Output file Description
.contigs fasta file; All sequence contigs
.log text file; Logs execution time / errors
.short text file; Lists sequence reads shorter than a set, acceptable, minimum
.singlets fasta file; All unassembled sequence reads
Output file (-c 1*) Description
.readposition this is a text file listing all whole (fully embedded) reads, start and end coordinate onto the contig (in this order). For reads aligning on the minus strand, end coordinate is < start coordinate
.coverage.csv this is a comma-separated values file showing the amino acid coverage at every position for any given contig > -z

*WARNING: ASSOCIATED FILES CAN BECOME VERY LARGE!

Understanding the .contigs fasta header


e.g.

>contig27|size52|read193|cov92.79

contig id# = 27 size (G) = 52 aa number of reads (N) = 193 cov [coverage] (C) = 92.79

the coverage (C) is calculated using the total number (T) of consensus amino acid [sum(L)] provided by the assembled sequences divided by the contig size:

C = T / G

Understanding the .coverage.csv file


e.g.

>contig1|size60000|read74001|cov37.00
12,12,13,13,13,14,14,15,16,16,20,21,22,23,25,26,27,28,27 ...

Each number represents the number of reads covering that amino acid at that position.

Understanding the .readposition file


e.g.

>contig1|size60000|read74001|cov37.00
READ_85952,3,32
READ_92647,6,35
READ_72602,8,37
READ_29659,9,38
READ_74582,11,40
READ_97793,11,40
READ_85742,11,40
READ_95375,12,41
READ_9721,15,44
READ_49141,16,45
READ_43328,18,1
READ_94449,18,1

In this order: read name [template th -p 1 :: name followed with 1 or 2, corresponds to the order in the sequence input (1:2)], start coordinate, end coordinate. end < start indicates read is on minus strand

PASS does not


  1. Take into consideration quality scores. It is up to the user to process the sequence data before assembly.
  2. Consider sequence read having any character other than A,R,N,D,C,Q,E,G,H,I,L,K,M,F,P,S,T,W,Y,V and will skip these reads entirely while reading the fasta file.

License


PASS Copyright (c) 2015-2023 Rene Warren. All rights reserved.

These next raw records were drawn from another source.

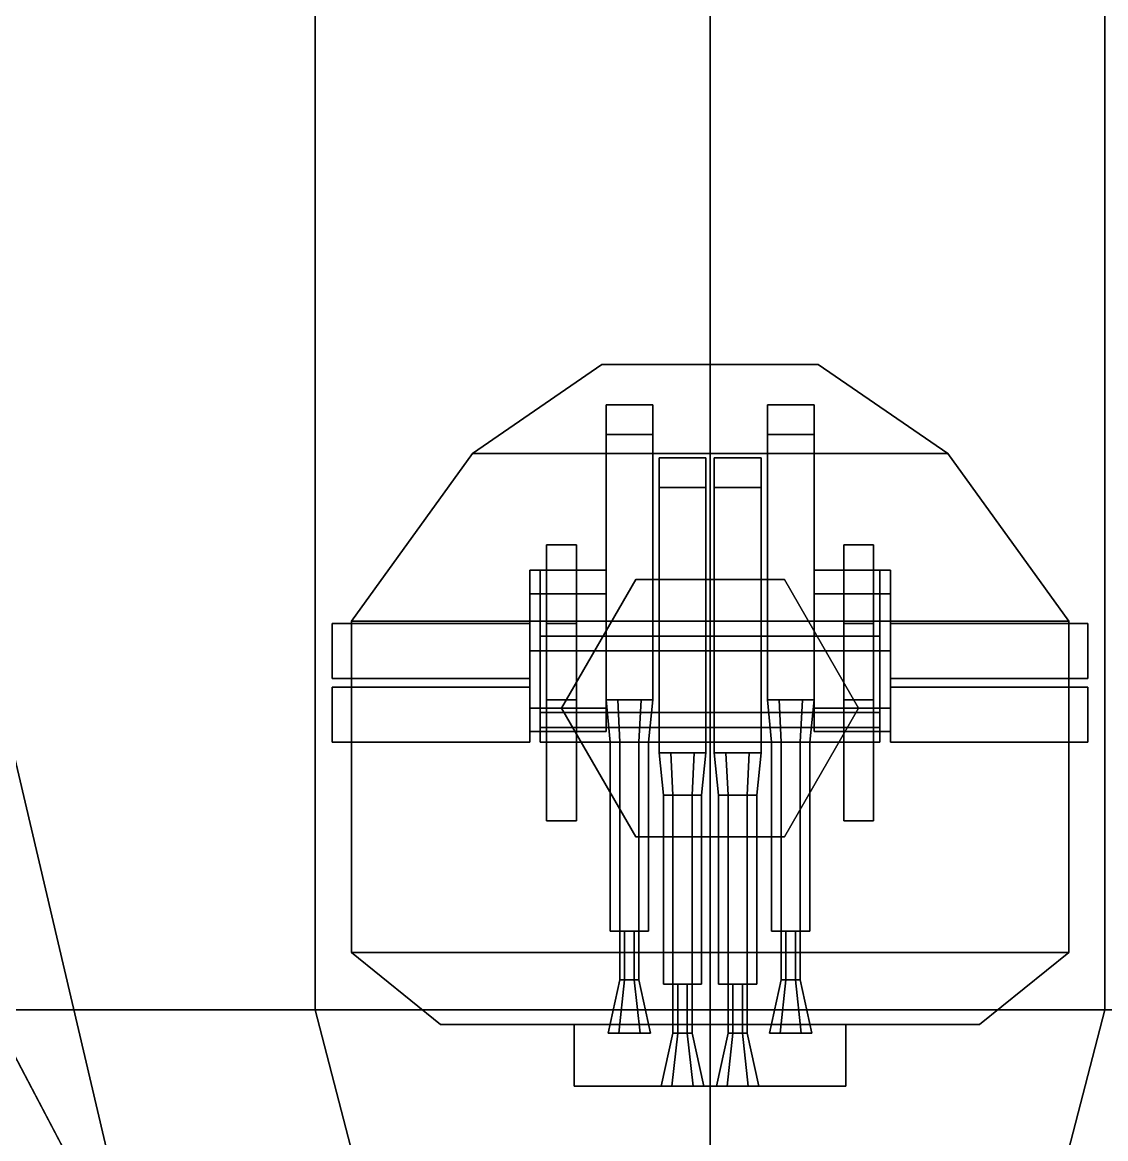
# Model space of a CAD drawing. Header units: millimetres. Extents: x -14 to 14, y -57 to 127.
# Drawn here: x -3.24 to 1.86, y -47.54 to -42.28 of the extents above; entities that cross this region are included whole.
import ezdxf

# ---------------------------------------------------------------- set-up
doc = ezdxf.new("R2010")
doc.units = ezdxf.units.MM
for name, color, linetype in [('gun', 1, 'Continuous'), ('sleeve', 5, 'Continuous'), ('turret', 2, 'Continuous')]:
    doc.layers.add(name, color=color, linetype=linetype)

msp = doc.modelspace()

# ---------------------------------------------------------------- linework, layer by layer
for points in [[(8.61, -37.01, 3.99), (-8.61, -37.01, 3.99), (-6.87, -46.93, 3.99), (6.87, -46.93, 3.99)], [(-4.89, -37.01, -3.07), (-1.86, -37.01, -3.55), (-1.86, -46.93, -2.01), (-4.26, -46.93, -1.72)], [(-1.86, -37.01, -3.55), (0, -37.01, -4.35), (0, -46.93, -2.05), (-1.86, -46.93, -2.01)], [(1.86, -46.93, -2.01), (0, -46.93, -2.05), (0, -37.01, -4.35), (1.86, -37.01, -3.55)], [(4.26, -46.93, -1.72), (1.86, -46.93, -2.01), (1.86, -37.01, -3.55), (4.89, -37.01, -3.07)], [(-2.86, -47.94, 5.95), (-8.47, -37.27, 5.95), (8.47, -37.27, 5.95), (2.86, -47.94, 5.95)], [(2.86, -47.94, 5.95), (8.47, -37.27, 5.95), (-8.47, -37.27, 5.95), (-2.86, -47.94, 5.95)], [(-2.86, -47.94, 5.95), (-4.75, -44.34, 5.95), (-4.75, -44.34, 6.88), (-2.86, -47.94, 6.88)], [(-2.86, -47.94, 6.88), (-4.75, -44.34, 6.88), (-4.75, -44.34, 5.95), (-2.86, -47.94, 5.95)], [(-3.57, -44.5, 5.95), (-3.57, -44.5, 3.99), (-2.76, -47.94, 3.99), (-2.76, -47.94, 5.95)], [(6.87, -46.93, 3.99), (-6.87, -46.93, 3.99), (-4.57, -51.99, 3.99), (4.57, -51.99, 3.99)], [(-4.87, -46.93, -1.54), (-4.26, -46.93, -1.72), (-2.42, -51.99, -1.78), (-3.42, -51.99, -1.42)], [(-4.26, -46.93, -1.72), (-1.86, -46.93, -2.01), (-0.55, -51.99, -2.04), (-2.42, -51.99, -1.78)], [(-1.86, -46.93, -2.01), (0, -46.93, -2.05), (0, -51.99, -2.05), (-0.55, -51.99, -2.04)], [(0.55, -51.99, -2.04), (0, -51.99, -2.05), (0, -46.93, -2.05), (1.86, -46.93, -2.01)], [(2.42, -51.99, -1.78), (0.55, -51.99, -2.04), (1.86, -46.93, -2.01), (4.26, -46.93, -1.72)]]:
    msp.add_3dface(points)
at = {"layer": 'gun'}
for points in [[(-0.425, -46.79, 7.31), (-0.4025, -46.79, 7.349), (-0.4025, -46.56, 7.349), (-0.425, -46.56, 7.31)], [(-0.4025, -46.79, 7.271), (-0.425, -46.79, 7.31), (-0.425, -46.56, 7.31), (-0.4025, -46.56, 7.271)], [(-0.425, -46.79, 7.72), (-0.4025, -46.79, 7.759), (-0.4025, -46.56, 7.759), (-0.425, -46.56, 7.72)], [(-0.4025, -46.79, 7.681), (-0.425, -46.79, 7.72), (-0.425, -46.56, 7.72), (-0.4025, -46.56, 7.681)], [(-0.4025, -46.79, 7.349), (-0.3575, -46.79, 7.349), (-0.3575, -46.56, 7.349), (-0.4025, -46.56, 7.349)], [(-0.3575, -46.79, 7.271), (-0.4025, -46.79, 7.271), (-0.4025, -46.56, 7.271), (-0.3575, -46.56, 7.271)], [(-0.4025, -46.79, 7.759), (-0.3575, -46.79, 7.759), (-0.3575, -46.56, 7.759), (-0.4025, -46.56, 7.759)], [(-0.3575, -46.79, 7.681), (-0.4025, -46.79, 7.681), (-0.4025, -46.56, 7.681), (-0.3575, -46.56, 7.681)], [(-0.3575, -46.79, 7.349), (-0.335, -46.79, 7.31), (-0.335, -46.56, 7.31), (-0.3575, -46.56, 7.349)], [(-0.335, -46.79, 7.31), (-0.3575, -46.79, 7.271), (-0.3575, -46.56, 7.271), (-0.335, -46.56, 7.31)], [(-0.3575, -46.79, 7.759), (-0.335, -46.79, 7.72), (-0.335, -46.56, 7.72), (-0.3575, -46.56, 7.759)], [(-0.335, -46.79, 7.72), (-0.3575, -46.79, 7.681), (-0.3575, -46.56, 7.681), (-0.335, -46.56, 7.72)], [(0.335, -46.79, 7.31), (0.3575, -46.79, 7.349), (0.3575, -46.56, 7.349), (0.335, -46.56, 7.31)], [(0.3575, -46.79, 7.271), (0.335, -46.79, 7.31), (0.335, -46.56, 7.31), (0.3575, -46.56, 7.271)], [(0.335, -46.79, 7.72), (0.3575, -46.79, 7.759), (0.3575, -46.56, 7.759), (0.335, -46.56, 7.72)], [(0.3575, -46.79, 7.681), (0.335, -46.79, 7.72), (0.335, -46.56, 7.72), (0.3575, -46.56, 7.681)], [(0.3575, -46.79, 7.349), (0.4025, -46.79, 7.349), (0.4025, -46.56, 7.349), (0.3575, -46.56, 7.349)], [(0.4025, -46.79, 7.271), (0.3575, -46.79, 7.271), (0.3575, -46.56, 7.271), (0.4025, -46.56, 7.271)], [(0.3575, -46.79, 7.759), (0.4025, -46.79, 7.759), (0.4025, -46.56, 7.759), (0.3575, -46.56, 7.759)], [(0.4025, -46.79, 7.681), (0.3575, -46.79, 7.681), (0.3575, -46.56, 7.681), (0.4025, -46.56, 7.681)], [(0.4025, -46.79, 7.349), (0.425, -46.79, 7.31), (0.425, -46.56, 7.31), (0.4025, -46.56, 7.349)], [(0.425, -46.79, 7.31), (0.4025, -46.79, 7.271), (0.4025, -46.56, 7.271), (0.425, -46.56, 7.31)], [(0.4025, -46.79, 7.759), (0.425, -46.79, 7.72), (0.425, -46.56, 7.72), (0.4025, -46.56, 7.759)], [(0.425, -46.79, 7.72), (0.4025, -46.79, 7.681), (0.4025, -46.56, 7.681), (0.425, -46.56, 7.72)], [(-0.425, -46.79, 7.31), (-0.4025, -46.79, 7.271), (-0.43, -47.04, 7.2234), (-0.48, -47.04, 7.31)], [(-0.4025, -46.79, 7.349), (-0.425, -46.79, 7.31), (-0.48, -47.04, 7.31), (-0.43, -47.04, 7.3966)], [(-0.425, -46.79, 7.72), (-0.4025, -46.79, 7.681), (-0.43, -47.04, 7.6334), (-0.48, -47.04, 7.72)], [(-0.4025, -46.79, 7.759), (-0.425, -46.79, 7.72), (-0.48, -47.04, 7.72), (-0.43, -47.04, 7.8066)], [(-0.4025, -46.79, 7.271), (-0.3575, -46.79, 7.271), (-0.33, -47.04, 7.2234), (-0.43, -47.04, 7.2234)], [(-0.3575, -46.79, 7.349), (-0.4025, -46.79, 7.349), (-0.43, -47.04, 7.3966), (-0.33, -47.04, 7.3966)], [(-0.4025, -46.79, 7.681), (-0.3575, -46.79, 7.681), (-0.33, -47.04, 7.6334), (-0.43, -47.04, 7.6334)], [(-0.3575, -46.79, 7.759), (-0.4025, -46.79, 7.759), (-0.43, -47.04, 7.8066), (-0.33, -47.04, 7.8066)], [(-0.3575, -46.79, 7.271), (-0.335, -46.79, 7.31), (-0.28, -47.04, 7.31), (-0.33, -47.04, 7.2234)], [(-0.335, -46.79, 7.31), (-0.3575, -46.79, 7.349), (-0.33, -47.04, 7.3966), (-0.28, -47.04, 7.31)], [(-0.3575, -46.79, 7.681), (-0.335, -46.79, 7.72), (-0.28, -47.04, 7.72), (-0.33, -47.04, 7.6334)], [(-0.335, -46.79, 7.72), (-0.3575, -46.79, 7.759), (-0.33, -47.04, 7.8066), (-0.28, -47.04, 7.72)], [(0.335, -46.79, 7.31), (0.3575, -46.79, 7.271), (0.33, -47.04, 7.2234), (0.28, -47.04, 7.31)], [(0.3575, -46.79, 7.349), (0.335, -46.79, 7.31), (0.28, -47.04, 7.31), (0.33, -47.04, 7.3966)], [(0.335, -46.79, 7.72), (0.3575, -46.79, 7.681), (0.33, -47.04, 7.6334), (0.28, -47.04, 7.72)], [(0.3575, -46.79, 7.759), (0.335, -46.79, 7.72), (0.28, -47.04, 7.72), (0.33, -47.04, 7.8066)], [(0.3575, -46.79, 7.271), (0.4025, -46.79, 7.271), (0.43, -47.04, 7.2234), (0.33, -47.04, 7.2234)], [(0.4025, -46.79, 7.349), (0.3575, -46.79, 7.349), (0.33, -47.04, 7.3966), (0.43, -47.04, 7.3966)], [(0.3575, -46.79, 7.681), (0.4025, -46.79, 7.681), (0.43, -47.04, 7.6334), (0.33, -47.04, 7.6334)], [(0.4025, -46.79, 7.759), (0.3575, -46.79, 7.759), (0.33, -47.04, 7.8066), (0.43, -47.04, 7.8066)], [(0.4025, -46.79, 7.271), (0.425, -46.79, 7.31), (0.48, -47.04, 7.31), (0.43, -47.04, 7.2234)], [(0.425, -46.79, 7.31), (0.4025, -46.79, 7.349), (0.43, -47.04, 7.3966), (0.48, -47.04, 7.31)], [(0.4025, -46.79, 7.681), (0.425, -46.79, 7.72), (0.48, -47.04, 7.72), (0.43, -47.04, 7.6334)], [(0.425, -46.79, 7.72), (0.4025, -46.79, 7.759), (0.43, -47.04, 7.8066), (0.48, -47.04, 7.72)], [(-0.175, -47.04, 7.72), (-0.1525, -47.04, 7.759), (-0.1525, -46.81, 7.759), (-0.175, -46.81, 7.72)], [(-0.1525, -47.04, 7.681), (-0.175, -47.04, 7.72), (-0.175, -46.81, 7.72), (-0.1525, -46.81, 7.681)], [(-0.175, -47.04, 7.31), (-0.1525, -47.04, 7.349), (-0.1525, -46.81, 7.349), (-0.175, -46.81, 7.31)], [(-0.1525, -47.04, 7.271), (-0.175, -47.04, 7.31), (-0.175, -46.81, 7.31), (-0.1525, -46.81, 7.271)], [(-0.1525, -47.04, 7.759), (-0.1075, -47.04, 7.759), (-0.1075, -46.81, 7.759), (-0.1525, -46.81, 7.759)], [(-0.1075, -47.04, 7.681), (-0.1525, -47.04, 7.681), (-0.1525, -46.81, 7.681), (-0.1075, -46.81, 7.681)], [(-0.1525, -47.04, 7.349), (-0.1075, -47.04, 7.349), (-0.1075, -46.81, 7.349), (-0.1525, -46.81, 7.349)], [(-0.1075, -47.04, 7.271), (-0.1525, -47.04, 7.271), (-0.1525, -46.81, 7.271), (-0.1075, -46.81, 7.271)], [(-0.1075, -47.04, 7.759), (-0.085, -47.04, 7.72), (-0.085, -46.81, 7.72), (-0.1075, -46.81, 7.759)], [(-0.085, -47.04, 7.72), (-0.1075, -47.04, 7.681), (-0.1075, -46.81, 7.681), (-0.085, -46.81, 7.72)], [(-0.1075, -47.04, 7.349), (-0.085, -47.04, 7.31), (-0.085, -46.81, 7.31), (-0.1075, -46.81, 7.349)], [(-0.085, -47.04, 7.31), (-0.1075, -47.04, 7.271), (-0.1075, -46.81, 7.271), (-0.085, -46.81, 7.31)], [(0.1075, -47.04, 7.681), (0.085, -47.04, 7.72), (0.085, -46.81, 7.72), (0.1075, -46.81, 7.681)], [(0.085, -47.04, 7.72), (0.1075, -47.04, 7.759), (0.1075, -46.81, 7.759), (0.085, -46.81, 7.72)], [(0.1075, -47.04, 7.271), (0.085, -47.04, 7.31), (0.085, -46.81, 7.31), (0.1075, -46.81, 7.271)], [(0.085, -47.04, 7.31), (0.1075, -47.04, 7.349), (0.1075, -46.81, 7.349), (0.085, -46.81, 7.31)], [(0.1525, -47.04, 7.681), (0.1075, -47.04, 7.681), (0.1075, -46.81, 7.681), (0.1525, -46.81, 7.681)], [(0.1075, -47.04, 7.759), (0.1525, -47.04, 7.759), (0.1525, -46.81, 7.759), (0.1075, -46.81, 7.759)], [(0.1525, -47.04, 7.271), (0.1075, -47.04, 7.271), (0.1075, -46.81, 7.271), (0.1525, -46.81, 7.271)], [(0.1075, -47.04, 7.349), (0.1525, -47.04, 7.349), (0.1525, -46.81, 7.349), (0.1075, -46.81, 7.349)], [(0.175, -47.04, 7.72), (0.1525, -47.04, 7.681), (0.1525, -46.81, 7.681), (0.175, -46.81, 7.72)], [(0.1525, -47.04, 7.759), (0.175, -47.04, 7.72), (0.175, -46.81, 7.72), (0.1525, -46.81, 7.759)], [(0.175, -47.04, 7.31), (0.1525, -47.04, 7.271), (0.1525, -46.81, 7.271), (0.175, -46.81, 7.31)], [(0.1525, -47.04, 7.349), (0.175, -47.04, 7.31), (0.175, -46.81, 7.31), (0.1525, -46.81, 7.349)], [(-0.33, -47.04, 7.3966), (-0.43, -47.04, 7.3966), (-0.48, -47.04, 7.31), (-0.28, -47.04, 7.31)], [(-0.28, -47.04, 7.31), (-0.48, -47.04, 7.31), (-0.43, -47.04, 7.2234), (-0.33, -47.04, 7.2234)], [(-0.33, -47.04, 7.8066), (-0.43, -47.04, 7.8066), (-0.48, -47.04, 7.72), (-0.28, -47.04, 7.72)], [(-0.28, -47.04, 7.72), (-0.48, -47.04, 7.72), (-0.43, -47.04, 7.6334), (-0.33, -47.04, 7.6334)], [(-0.175, -47.04, 7.72), (-0.1525, -47.04, 7.681), (-0.18, -47.29, 7.6334), (-0.23, -47.29, 7.72)], [(-0.1525, -47.04, 7.759), (-0.175, -47.04, 7.72), (-0.23, -47.29, 7.72), (-0.18, -47.29, 7.8066)], [(-0.175, -47.04, 7.31), (-0.1525, -47.04, 7.271), (-0.18, -47.29, 7.2234), (-0.23, -47.29, 7.31)], [(-0.1525, -47.04, 7.349), (-0.175, -47.04, 7.31), (-0.23, -47.29, 7.31), (-0.18, -47.29, 7.3966)], [(-0.1525, -47.04, 7.681), (-0.1075, -47.04, 7.681), (-0.08, -47.29, 7.6334), (-0.18, -47.29, 7.6334)], [(-0.1075, -47.04, 7.759), (-0.1525, -47.04, 7.759), (-0.18, -47.29, 7.8066), (-0.08, -47.29, 7.8066)], [(-0.1525, -47.04, 7.271), (-0.1075, -47.04, 7.271), (-0.08, -47.29, 7.2234), (-0.18, -47.29, 7.2234)], [(-0.1075, -47.04, 7.349), (-0.1525, -47.04, 7.349), (-0.18, -47.29, 7.3966), (-0.08, -47.29, 7.3966)], [(-0.1075, -47.04, 7.681), (-0.085, -47.04, 7.72), (-0.03, -47.29, 7.72), (-0.08, -47.29, 7.6334)], [(-0.085, -47.04, 7.72), (-0.1075, -47.04, 7.759), (-0.08, -47.29, 7.8066), (-0.03, -47.29, 7.72)], [(-0.1075, -47.04, 7.271), (-0.085, -47.04, 7.31), (-0.03, -47.29, 7.31), (-0.08, -47.29, 7.2234)], [(-0.085, -47.04, 7.31), (-0.1075, -47.04, 7.349), (-0.08, -47.29, 7.3966), (-0.03, -47.29, 7.31)], [(0.1075, -47.04, 7.759), (0.085, -47.04, 7.72), (0.03, -47.29, 7.72), (0.08, -47.29, 7.8066)], [(0.085, -47.04, 7.72), (0.1075, -47.04, 7.681), (0.08, -47.29, 7.6334), (0.03, -47.29, 7.72)], [(0.1075, -47.04, 7.349), (0.085, -47.04, 7.31), (0.03, -47.29, 7.31), (0.08, -47.29, 7.3966)], [(0.085, -47.04, 7.31), (0.1075, -47.04, 7.271), (0.08, -47.29, 7.2234), (0.03, -47.29, 7.31)], [(0.1525, -47.04, 7.759), (0.1075, -47.04, 7.759), (0.08, -47.29, 7.8066), (0.18, -47.29, 7.8066)], [(0.1075, -47.04, 7.681), (0.1525, -47.04, 7.681), (0.18, -47.29, 7.6334), (0.08, -47.29, 7.6334)], [(0.1525, -47.04, 7.349), (0.1075, -47.04, 7.349), (0.08, -47.29, 7.3966), (0.18, -47.29, 7.3966)], [(0.1075, -47.04, 7.271), (0.1525, -47.04, 7.271), (0.18, -47.29, 7.2234), (0.08, -47.29, 7.2234)], [(0.175, -47.04, 7.72), (0.1525, -47.04, 7.759), (0.18, -47.29, 7.8066), (0.23, -47.29, 7.72)], [(0.1525, -47.04, 7.681), (0.175, -47.04, 7.72), (0.23, -47.29, 7.72), (0.18, -47.29, 7.6334)], [(0.175, -47.04, 7.31), (0.1525, -47.04, 7.349), (0.18, -47.29, 7.3966), (0.23, -47.29, 7.31)], [(0.1525, -47.04, 7.271), (0.175, -47.04, 7.31), (0.23, -47.29, 7.31), (0.18, -47.29, 7.2234)], [(0.43, -47.04, 7.3966), (0.33, -47.04, 7.3966), (0.28, -47.04, 7.31), (0.48, -47.04, 7.31)], [(0.48, -47.04, 7.31), (0.28, -47.04, 7.31), (0.33, -47.04, 7.2234), (0.43, -47.04, 7.2234)], [(0.43, -47.04, 7.8066), (0.33, -47.04, 7.8066), (0.28, -47.04, 7.72), (0.48, -47.04, 7.72)], [(0.48, -47.04, 7.72), (0.28, -47.04, 7.72), (0.33, -47.04, 7.6334), (0.43, -47.04, 7.6334)], [(-0.08, -47.29, 7.8066), (-0.18, -47.29, 7.8066), (-0.23, -47.29, 7.72), (-0.03, -47.29, 7.72)], [(-0.03, -47.29, 7.72), (-0.23, -47.29, 7.72), (-0.18, -47.29, 7.6334), (-0.08, -47.29, 7.6334)], [(-0.08, -47.29, 7.3966), (-0.18, -47.29, 7.3966), (-0.23, -47.29, 7.31), (-0.03, -47.29, 7.31)], [(-0.03, -47.29, 7.31), (-0.23, -47.29, 7.31), (-0.18, -47.29, 7.2234), (-0.08, -47.29, 7.2234)], [(0.23, -47.29, 7.72), (0.03, -47.29, 7.72), (0.08, -47.29, 7.6334), (0.18, -47.29, 7.6334)], [(0.18, -47.29, 7.8066), (0.08, -47.29, 7.8066), (0.03, -47.29, 7.72), (0.23, -47.29, 7.72)], [(0.23, -47.29, 7.31), (0.03, -47.29, 7.31), (0.08, -47.29, 7.2234), (0.18, -47.29, 7.2234)], [(0.18, -47.29, 7.3966), (0.08, -47.29, 7.3966), (0.03, -47.29, 7.31), (0.23, -47.29, 7.31)]]:
    msp.add_3dface(points, dxfattribs=at)
at = {"layer": 'sleeve'}
for points in [[(-0.27, -44.08, 7.17), (-0.27, -44.22, 7.15), (-0.49, -44.22, 7.15), (-0.49, -44.08, 7.17)], [(-0.49, -44.08, 7.42), (-0.49, -44.22, 7.52), (-0.27, -44.22, 7.52), (-0.27, -44.08, 7.42)], [(-0.49, -44.08, 7.17), (-0.49, -44.22, 7.15), (-0.49, -44.22, 7.52), (-0.49, -44.08, 7.42)], [(-0.27, -44.08, 7.42), (-0.27, -44.08, 7.17), (-0.49, -44.08, 7.17), (-0.49, -44.08, 7.42)], [(-0.27, -44.08, 7.58), (-0.27, -44.22, 7.56), (-0.49, -44.22, 7.56), (-0.49, -44.08, 7.58)], [(-0.49, -44.08, 7.83), (-0.49, -44.22, 7.93), (-0.27, -44.22, 7.93), (-0.27, -44.08, 7.83)], [(-0.49, -44.08, 7.58), (-0.49, -44.22, 7.56), (-0.49, -44.22, 7.93), (-0.49, -44.08, 7.83)], [(-0.27, -44.08, 7.83), (-0.27, -44.08, 7.58), (-0.49, -44.08, 7.58), (-0.49, -44.08, 7.83)], [(-0.27, -44.22, 7.52), (-0.27, -44.22, 7.15), (-0.27, -44.08, 7.17), (-0.27, -44.08, 7.42)], [(-0.27, -44.22, 7.93), (-0.27, -44.22, 7.56), (-0.27, -44.08, 7.58), (-0.27, -44.08, 7.83)], [(0.49, -44.08, 7.42), (0.49, -44.08, 7.17), (0.27, -44.08, 7.17), (0.27, -44.08, 7.42)], [(0.27, -44.08, 7.17), (0.27, -44.22, 7.15), (0.27, -44.22, 7.52), (0.27, -44.08, 7.42)], [(0.49, -44.08, 7.17), (0.49, -44.22, 7.15), (0.27, -44.22, 7.15), (0.27, -44.08, 7.17)], [(0.27, -44.08, 7.42), (0.27, -44.22, 7.52), (0.49, -44.22, 7.52), (0.49, -44.08, 7.42)], [(0.49, -44.08, 7.83), (0.49, -44.08, 7.58), (0.27, -44.08, 7.58), (0.27, -44.08, 7.83)], [(0.27, -44.08, 7.58), (0.27, -44.22, 7.56), (0.27, -44.22, 7.93), (0.27, -44.08, 7.83)], [(0.49, -44.08, 7.58), (0.49, -44.22, 7.56), (0.27, -44.22, 7.56), (0.27, -44.08, 7.58)], [(0.27, -44.08, 7.83), (0.27, -44.22, 7.93), (0.49, -44.22, 7.93), (0.49, -44.08, 7.83)], [(0.49, -44.22, 7.52), (0.49, -44.22, 7.15), (0.49, -44.08, 7.17), (0.49, -44.08, 7.42)], [(0.49, -44.22, 7.93), (0.49, -44.22, 7.56), (0.49, -44.08, 7.58), (0.49, -44.08, 7.83)], [(-0.27, -44.22, 7.55), (-0.27, -44.22, 7.52), (-0.49, -44.22, 7.52), (-0.49, -44.22, 7.55)], [(-0.49, -44.22, 7.15), (-0.49, -45.47, 7.15), (-0.49, -45.47, 7.55), (-0.49, -44.22, 7.55)], [(-0.49, -44.22, 7.55), (-0.49, -45.47, 7.55), (-0.27, -45.47, 7.55), (-0.27, -44.22, 7.55)], [(-0.27, -44.22, 7.15), (-0.27, -45.47, 7.15), (-0.49, -45.47, 7.15), (-0.49, -44.22, 7.15)], [(-0.27, -44.22, 7.96), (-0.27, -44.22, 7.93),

This program is free software; you can redistribute it and/or modify it under the terms of the GNU General Public License as published by the Free Software Foundation; either version 3 of the License, or (at your option) any later version.

This program is distributed in the hope that it will be useful, but WITHOUT ANY WARRANTY; without even the implied warranty of MERCHANTABILITY or FITNESS FOR A PARTICULAR PURPOSE. See the GNU General Public License for more details.